=== Problem description ===
Look at the data below and print exactly the lines from its first line through the line with "msp = doc.modelspace()"; the pictures stay out of the copy.

(Dataset records)
________________________
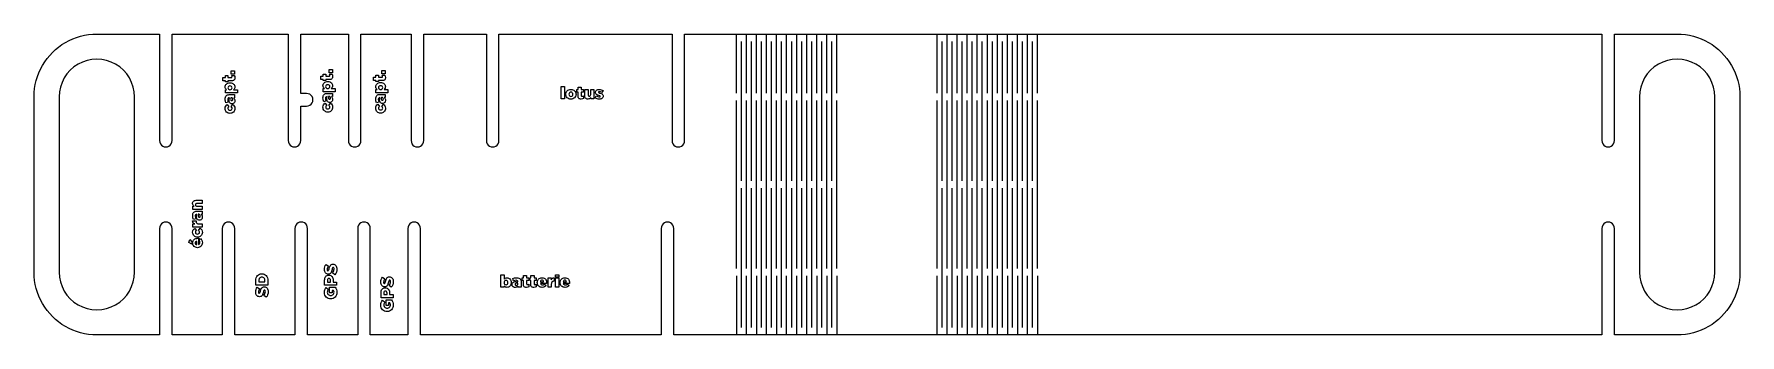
# Model space of a CAD drawing. Extents: x 0 to 680, y 0 to 120.
import ezdxf

# ---------------------------------------------------------------- set-up
doc = ezdxf.new("R2010")
doc.units = 0
for name, color, linetype in [('COMPONENT0', 18, 'CONTINUOUS'), ('COMPONENT1', 18, 'CONTINUOUS'), ('COMPONENT2', 18, 'CONTINUOUS'), ('COMPONENT3', 18, 'CONTINUOUS'), ('COMPONENT4', 18, 'CONTINUOUS'), ('COMPONENT5', 18, 'CONTINUOUS'), ('COMPONENT6', 18, 'CONTINUOUS'), ('COMPONENT7', 18, 'CONTINUOUS'), ('COMPONENT8', 18, 'CONTINUOUS'), ('GROUP1', 18, 'CONTINUOUS'), ('GROUP2', 18, 'CONTINUOUS')]:
    doc.layers.add(name, color=color, linetype=linetype)

msp = doc.modelspace()

# ---------------------------------------------------------------- linework, layer by layer
at = {"layer": 'COMPONENT0'}
for points in [[(270, 120), (625, 120), (625, 77.5), (625.09, 76.85), (625.33, 76.25), (625.73, 75.73), (626.25, 75.33), (626.85, 75.09), (627.5, 75), (628.15, 75.09), (628.75, 75.33), (629.27, 75.73), (629.67, 76.25), (629.91, 76.85), (630, 77.5), (630, 120), (655, 120), (656.64, 119.95), (658.26, 119.79), (659.88, 119.52), (661.47, 119.15), (663.04, 118.67), (664.57, 118.1), (666.06, 117.42), (667.5, 116.65), (668.89, 115.79), (670.22, 114.83), (671.48, 113.8), (672.68, 112.68), (673.8, 111.48), (674.83, 110.22), (675.79, 108.89), (676.65, 107.5), (677.42, 106.06), (678.1, 104.57), (678.67, 103.04), (679.15, 101.47), (679.52, 99.88), (679.79, 98.26), (679.95, 96.64), (680, 95), (680, 25), (679.95, 23.36), (679.79, 21.74), (679.52, 20.12), (679.15, 18.53), (678.67, 16.96), (678.1, 15.43), (677.42, 13.94), (676.65, 12.5), (675.79, 11.11), (674.83, 9.78), (673.8, 8.52), (672.68, 7.32), (671.48, 6.2), (670.22, 5.17), (668.89, 4.21), (667.5, 3.35), (666.06, 2.58), (664.57, 1.9), (663.04, 1.33), (661.47, 0.85), (659.88, 0.48), (658.26, 0.21), (656.64, 0.05), (655, 0), (630, 0), (630, 42.5), (629.91, 43.15), (629.67, 43.75), (629.27, 44.27), (628.75, 44.67), (628.15, 44.91), (627.5, 45), (626.85, 44.91), (626.25, 44.67), (625.73, 44.27), (625.33, 43.75), (625.09, 43.15), (625, 42.5), (625, 0), (270, 0), (255, 0), (255, 42.5), (254.91, 43.15), (254.67, 43.75), (254.27, 44.27), (253.75, 44.67), (253.15, 44.91), (252.5, 45), (251.85, 44.91), (251.25, 44.67), (250.73, 44.27), (250.33, 43.75), (250.09, 43.15), (250, 42.5), (250, 0), (154, 0), (154, 42.5), (153.91, 43.15), (153.67, 43.75), (153.27, 44.27), (152.75, 44.67), (152.15, 44.91), (151.5, 45), (150.85, 44.91), (150.25, 44.67), (149.73, 44.27), (149.33, 43.75), (149.09, 43.15), (149, 42.5), (149, 0), (134, 0), (134, 42.5), (133.91, 43.15), (133.67, 43.75), (133.27, 44.27), (132.75, 44.67), (132.15, 44.91), (131.5, 45), (130.85, 44.91), (130.25, 44.67), (129.73, 44.27), (129.33, 43.75), (129.09, 43.15), (129, 42.5), (129, 0), (109, 0), (109, 42.5), (108.91, 43.15), (108.67, 43.75), (108.27, 44.27), (107.75, 44.67), (107.15, 44.91), (106.5, 45), (105.85, 44.91), (105.25, 44.67), (104.73, 44.27), (104.33, 43.75), (104.09, 43.15), (104, 42.5), (104, 0), (80, 0), (80, 42.5), (79.91, 43.15), (79.67, 43.75), (79.27, 44.27), (78.75, 44.67), (78.15, 44.91), (77.5, 45), (76.85, 44.91), (76.25, 44.67), (75.73, 44.27), (75.33, 43.75), (75.09, 43.15), (75, 42.5), (75, 0), (55, 0), (55, 42.5), (54.91, 43.15), (54.67, 43.75), (54.27, 44.27), (53.75, 44.67), (53.15, 44.91), (52.5, 45), (51.85, 44.91), (51.25, 44.67), (50.73, 44.27), (50.33, 43.75), (50.09, 43.15), (50, 42.5), (50, 0), (25, 0), (23.36, 0.05), (21.74, 0.21), (20.12, 0.48), (18.53, 0.85), (16.96, 1.33), (15.43, 1.9), (13.94, 2.58), (12.5, 3.35), (11.11, 4.21), (9.78, 5.17), (8.52, 6.2), (7.32, 7.32), (6.2, 8.52), (5.17, 9.78), (4.21, 11.11), (3.35, 12.5), (2.58, 13.94), (1.9, 15.43), (1.33, 16.96), (0.85, 18.53), (0.48, 20.12), (0.21, 21.74), (0.05, 23.36), (0, 25), (0, 95), (0.05, 96.64), (0.21, 98.26), (0.48, 99.88), (0.85, 101.47), (1.33, 103.04), (1.9, 104.57), (2.58, 106.06), (3.35, 107.5), (4.21, 108.89), (5.17, 110.22), (6.2, 111.48), (7.32, 112.68), (8.52, 113.8), (9.78, 114.83), (11.11, 115.79), (12.5, 116.65), (13.94, 117.42), (15.43, 118.1), (16.96, 118.67), (18.53, 119.15), (20.12, 119.52), (21.74, 119.79), (23.36, 119.95), (25, 120), (50, 120), (50, 77.5), (50.09, 76.85), (50.33, 76.25), (50.73, 75.73), (51.25, 75.33), (51.85, 75.09), (52.5, 75), (53.15, 75.09), (53.75, 75.33), (54.27, 75.73), (54.67, 76.25), (54.91, 76.85), (55, 77.5), (55, 120), (101.3, 120), (101.3, 77.5), (101.39, 76.85), (101.63, 76.25), (102.03, 75.73), (102.55, 75.33), (103.15, 75.09), (103.8, 75), (104.45, 75.09), (105.05, 75.33), (105.57, 75.73), (105.97, 76.25), (106.21, 76.85), (106.3, 77.5), (106.3, 91.3), (108.65, 91.3), (109.3, 91.39), (109.9, 91.63), (110.42, 92.03), (110.82, 92.55), (111.06, 93.15), (111.15, 93.8), (111.06, 94.45), (110.82, 95.05), (110.42, 95.57), (109.9, 95.97), (109.3, 96.21), (108.65, 96.3), (106.3, 96.3), (106.3, 120), (125.3, 120), (125.3, 77.5), (125.39, 76.85), (125.63, 76.25), (126.03, 75.73), (126.55, 75.33), (127.15, 75.09), (127.8, 75), (128.45, 75.09), (129.05, 75.33), (129.57, 75.73), (129.97, 76.25), (130.21, 76.85), (130.3, 77.5), (130.3, 93), (130.3, 120), (150.3, 120), (150.3, 77.5), (150.39, 76.85), (150.63, 76.25), (151.03, 75.73), (151.55, 75.33), (152.15, 75.09), (152.8, 75), (153.45, 75.09), (154.05, 75.33), (154.57, 75.73), (154.97, 76.25), (155.21, 76.85), (155.3, 77.5), (155.3, 120), (180.3, 120), (180.3, 77.5), (180.39, 76.85), (180.63, 76.25), (181.03, 75.73), (181.55, 75.33), (182.15, 75.09), (182.8, 75), (183.45, 75.09), (184.05, 75.33), (184.57, 75.73), (184.97, 76.25), (185.21, 76.85), (185.3, 77.5), (185.3, 120), (254.3, 120), (254.3, 77.5), (254.39, 76.85), (254.63, 76.25), (255.03, 75.73), (255.55, 75.33), (256.15, 75.09), (256.8, 75), (257.45, 75.09), (258.05, 75.33), (258.57, 75.73), (258.97, 76.25), (259.21, 76.85), (259.3, 77.5), (259.3, 120)], [(40, 95), (39.87, 96.96), (39.49, 98.88), (38.86, 100.74), (37.99, 102.5), (36.9, 104.13), (35.61, 105.61), (34.13, 106.9), (32.5, 107.99), (30.74, 108.86), (28.88, 109.49), (26.96, 109.87), (25, 110), (23.04, 109.87), (21.12, 109.49), (19.26, 108.86), (17.5, 107.99), (15.87, 106.9), (14.39, 105.61), (13.1, 104.13), (12.01, 102.5), (11.14, 100.74), (10.51, 98.88), (10.13, 96.96), (10, 95), (10, 25), (10.13, 23.04), (10.51, 21.12), (11.14, 19.26), (12.01, 17.5), (13.1, 15.87), (14.39, 14.39), (15.87, 13.1), (17.5, 12.01), (19.26, 11.14), (21.12, 10.51), (23.04, 10.13), (25, 10), (26.96, 10.13), (28.88, 10.51), (30.74, 11.14), (32.5, 12.01), (34.13, 13.1), (35.61, 14.39), (36.9, 15.87), (37.99, 17.5), (38.86, 19.26), (39.49, 21.12), (39.87, 23.04), (40, 25)], [(640.13, 23.04), (640.51, 21.12), (641.14, 19.26), (642.01, 17.5), (643.1, 15.87), (644.39, 14.39), (645.87, 13.1), (647.5, 12.01), (649.26, 11.14), (651.12, 10.51), (653.04, 10.13), (655, 10), (656.96, 10.13), (658.88, 10.51), (660.74, 11.14), (662.5, 12.01), (664.13, 13.1), (665.61, 14.39), (666.9, 15.87), (667.99, 17.5), (668.86, 19.26), (669.49, 21.12), (669.87, 23.04), (670, 25), (670, 95), (669.87, 96.96), (669.49, 98.88), (668.86, 100.74), (667.99, 102.5), (666.9, 104.13), (665.61, 105.61), (664.13, 106.9), (662.5, 107.99), (660.74, 108.86), (658.88, 109.49), (656.96, 109.87), (655, 110), (653.04, 109.87), (651.12, 109.49), (649.26, 108.86), (647.5, 107.99), (645.87, 106.9), (644.39, 105.61), (643.1, 104.13), (642.01, 102.5), (641.14, 100.74), (640.51, 98.88), (640.13, 96.96), (640, 95), (640, 25)], [(210.07, 99.15), (211.37, 99.15), (211.37, 94.15), (210.07, 94.15)], [(213.99, 94.06), (213.56, 94.1), (213.17, 94.21), (212.82, 94.39), (212.52, 94.62), (212.28, 94.91), (212.1, 95.24), (211.98, 95.6), (211.95, 95.99), (211.98, 96.38), (212.1, 96.75), (212.28, 97.08), (212.53, 97.37), (212.83, 97.6), (213.18, 97.78), (213.57, 97.9), (214, 97.94), (214.43, 97.9), (214.82, 97.78), (215.17, 97.6), (215.47, 97.37), (215.71, 97.09), (215.89, 96.76), (216.01, 96.4), (216.04, 96.01), (216, 95.61), (215.89, 95.25), (215.7, 94.92), (215.46, 94.63), (215.16, 94.39), (214.81, 94.21), (214.42, 94.1)], [(214, 95.16), (214.32, 95.23), (214.57, 95.41), (214.72, 95.67), (214.78, 95.99), (214.72, 96.32), (214.55, 96.58), (214.3, 96.77), (213.99, 96.83), (213.67, 96.77), (213.42, 96.59), (213.27, 96.33), (213.21, 96.01), (213.27, 95.68), (213.44, 95.41), (213.69, 95.23)], [(218.06, 94.07), (217.78, 94.09), (217.54, 94.14), (217.32, 94.23), (217.14, 94.35), (217, 94.52), (216.9, 94.73), (216.84, 94.99), (216.82, 95.3), (216.82, 96.81), (216.38, 96.81), (216.38, 97.85), (216.82, 97.85), (216.82, 98.79), (218.12, 98.79), (218.12, 97.85), (218.98, 97.85), (218.98, 96.81), (218.12, 96.81), (218.12, 95.55), (218.14, 95.38), (218.21, 95.27), (218.32, 95.2), (218.47, 95.18), (218.73, 95.22), (218.97, 95.31), (218.97, 94.28), (218.56, 94.13)], [(220.78, 94.07), (220.49, 94.09), (220.25, 94.16), (220.03, 94.27), (219.85, 94.43), (219.7, 94.63), (219.6, 94.86), (219.54, 95.13), (219.51, 95.43), (219.51, 97.85), (220.82, 97.85), (220.82, 95.85), (220.85, 95.58), (220.96, 95.38), (221.13, 95.26), (221.34, 95.22), (221.56, 95.26), (221.73, 95.38), (221.85, 95.58), (221.89, 95.85), (221.89, 97.85), (223.19, 97.85), (223.19, 94.15), (221.89, 94.15), (221.89, 94.65), (221.69, 94.43), (221.44, 94.24), (221.14, 94.11)], [(225.36, 94.07), (224.89, 94.1), (224.44, 94.2), (224.01, 94.37), (223.6, 94.61), (224.09, 95.4), (224.41, 95.21), (224.74, 95.08), (225.06, 95), (225.36, 94.97), (225.61, 95.02), (225.67, 95.09), (225.69, 95.18), (225.65, 95.29), (225.54, 95.36), (225.1, 95.5), (224.58, 95.66), (224.16, 95.89), (224.01, 96.04), (223.88, 96.22), (223.81, 96.43), (223.78, 96.7), (223.81, 96.98), (223.89, 97.23), (224.03, 97.44), (224.21, 97.61), (224.42, 97.75), (224.67, 97.85), (224.96, 97.91), (225.27, 97.93), (225.67, 97.9), (226.08, 97.82), (226.45, 97.68), (226.79, 97.5), (226.35, 96.68), (225.77, 96.93), (225.49, 97), (225.25, 97.02), (225.03, 96.97), (224.97, 96.91), (224.95, 96.84), (224.99, 96.73), (225.11, 96.65), (225.56, 96.5), (226.07, 96.33), (226.49, 96.11), (226.65, 95.96), (226.77, 95.78), (226.84, 95.57), (226.87, 95.31), (226.84, 95.02), (226.76, 94.77), (226.63, 94.56), (226.45, 94.38), (226.23, 94.24), (225.97, 94.14), (225.68, 94.08)]]:
    msp.add_lwpolyline(points, close=True, dxfattribs=at)
at = {"layer": 'COMPONENT1'}
for points in [[(88.41, 19.83), (88.41, 21.68), (88.45, 22.29), (88.58, 22.83), (88.79, 23.29), (89.07, 23.68), (89.42, 23.98), (89.82, 24.2), (90.28, 24.34), (90.79, 24.39), (91.3, 24.34), (91.76, 24.2), (92.17, 23.97), (92.52, 23.67), (92.81, 23.28), (93.02, 22.81), (93.16, 22.26), (93.21, 21.65), (93.21, 19.83)], [(92.03, 21.7), (92.01, 21.98), (91.95, 22.24), (91.85, 22.46), (91.71, 22.66), (91.54, 22.82), (91.33, 22.93), (91.09, 23), (90.81, 23.02), (90.53, 23), (90.29, 22.93), (90.08, 22.82), (89.91, 22.66), (89.77, 22.46), (89.67, 22.24), (89.61, 21.98), (89.59, 21.7), (89.59, 21.16), (92.03, 21.16)], [(89.87, 15.23), (89.54, 15.26), (89.25, 15.36), (88.99, 15.51), (88.76, 15.72), (88.58, 15.99), (88.44, 16.31), (88.36, 16.67), (88.33, 17.08), (88.37, 17.67), (88.49, 18.18), (88.69, 18.64), (88.97, 19.06), (89.91, 18.39), (89.7, 18.06), (89.55, 17.72), (89.46, 17.38), (89.43, 17.05), (89.46, 16.84), (89.52, 16.69), (89.62, 16.6), (89.75, 16.57), (89.9, 16.61), (90.01, 16.74), (90.11, 16.99), (90.22, 17.4), (90.43, 18.14), (90.56, 18.45), (90.72, 18.71), (90.91, 18.91), (91.14, 19.06), (91.4, 19.15), (91.72, 19.19), (92.08, 19.15), (92.39, 19.04), (92.65, 18.88), (92.88, 18.65), (93.05, 18.37), (93.18, 18.04), (93.26, 17.67), (93.29, 17.25), (93.24, 16.62), (93.09, 16.03), (92.84, 15.48), (92.49, 15), (91.61, 15.74), (91.86, 16.11), (92.04, 16.49), (92.15, 16.89), (92.19, 17.3), (92.16, 17.53), (92.1, 17.7), (92, 17.81), (91.85, 17.84), (91.71, 17.81), (91.6, 17.68), (91.49, 17.44), (91.38, 17.04), (91.19, 16.32), (91.07, 16.02), (90.92, 15.75), (90.73, 15.53), (90.5, 15.37), (90.22, 15.26)]]:
    msp.add_lwpolyline(points, close=True, dxfattribs=at)
at = {"layer": 'COMPONENT2'}
for points in [[(63.26, 50.03), (63.26, 51.33), (63.78, 51.33), (63.56, 51.53), (63.37, 51.77), (63.23, 52.08), (63.18, 52.44), (63.2, 52.72), (63.27, 52.97), (63.39, 53.18), (63.54, 53.37), (63.74, 53.51), (63.98, 53.62), (64.24, 53.68), (64.54, 53.7), (66.97, 53.7), (66.97, 52.4), (64.96, 52.4), (64.69, 52.36), (64.5, 52.25), (64.38, 52.09), (64.34, 51.88), (64.38, 51.66), (64.5, 51.48), (64.69, 51.37), (64.96, 51.33), (66.97, 51.33), (66.97, 50.03)], [(65.9, 45.74), (65.63, 45.77), (65.39, 45.85), (65.19, 45.97), (65.03, 46.14), (64.9, 46.35), (64.81, 46.6), (64.75, 46.88), (64.73, 47.19), (64.78, 47.69), (64.88, 48.08), (64.81, 48.08), (64.56, 48.04), (64.37, 47.9), (64.25, 47.67), (64.21, 47.34), (64.27, 46.81), (64.42, 46.32), (63.5, 46.06), (63.29, 46.72), (63.23, 47.11), (63.21, 47.56), (63.24, 48.02), (63.33, 48.4), (63.47, 48.72), (63.66, 48.97), (63.89, 49.15), (64.16, 49.27), (64.48, 49.34), (64.84, 49.37), (66.97, 49.37), (66.97, 48.08), (66.59, 48.08), (66.78, 47.87), (66.93, 47.62), (67.02, 47.33), (67.05, 46.99), (67.03, 46.73), (66.98, 46.49), (66.89, 46.28), (66.76, 46.1), (66.6, 45.95), (66.4, 45.84), (66.17, 45.76)], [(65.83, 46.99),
________________________
=== Written reply ===
# Model space of a CAD drawing. Extents: x 0 to 680, y 0 to 120.
import ezdxf

# ---------------------------------------------------------------- set-up
doc = ezdxf.new("R2010")
doc.units = 0
for name, color, linetype in [('COMPONENT0', 18, 'CONTINUOUS'), ('COMPONENT1', 18, 'CONTINUOUS'), ('COMPONENT2', 18, 'CONTINUOUS'), ('COMPONENT3', 18, 'CONTINUOUS'), ('COMPONENT4', 18, 'CONTINUOUS'), ('COMPONENT5', 18, 'CONTINUOUS'), ('COMPONENT6', 18, 'CONTINUOUS'), ('COMPONENT7', 18, 'CONTINUOUS'), ('COMPONENT8', 18, 'CONTINUOUS'), ('GROUP1', 18, 'CONTINUOUS'), ('GROUP2', 18, 'CONTINUOUS')]:
    doc.layers.add(name, color=color, linetype=linetype)

msp = doc.modelspace()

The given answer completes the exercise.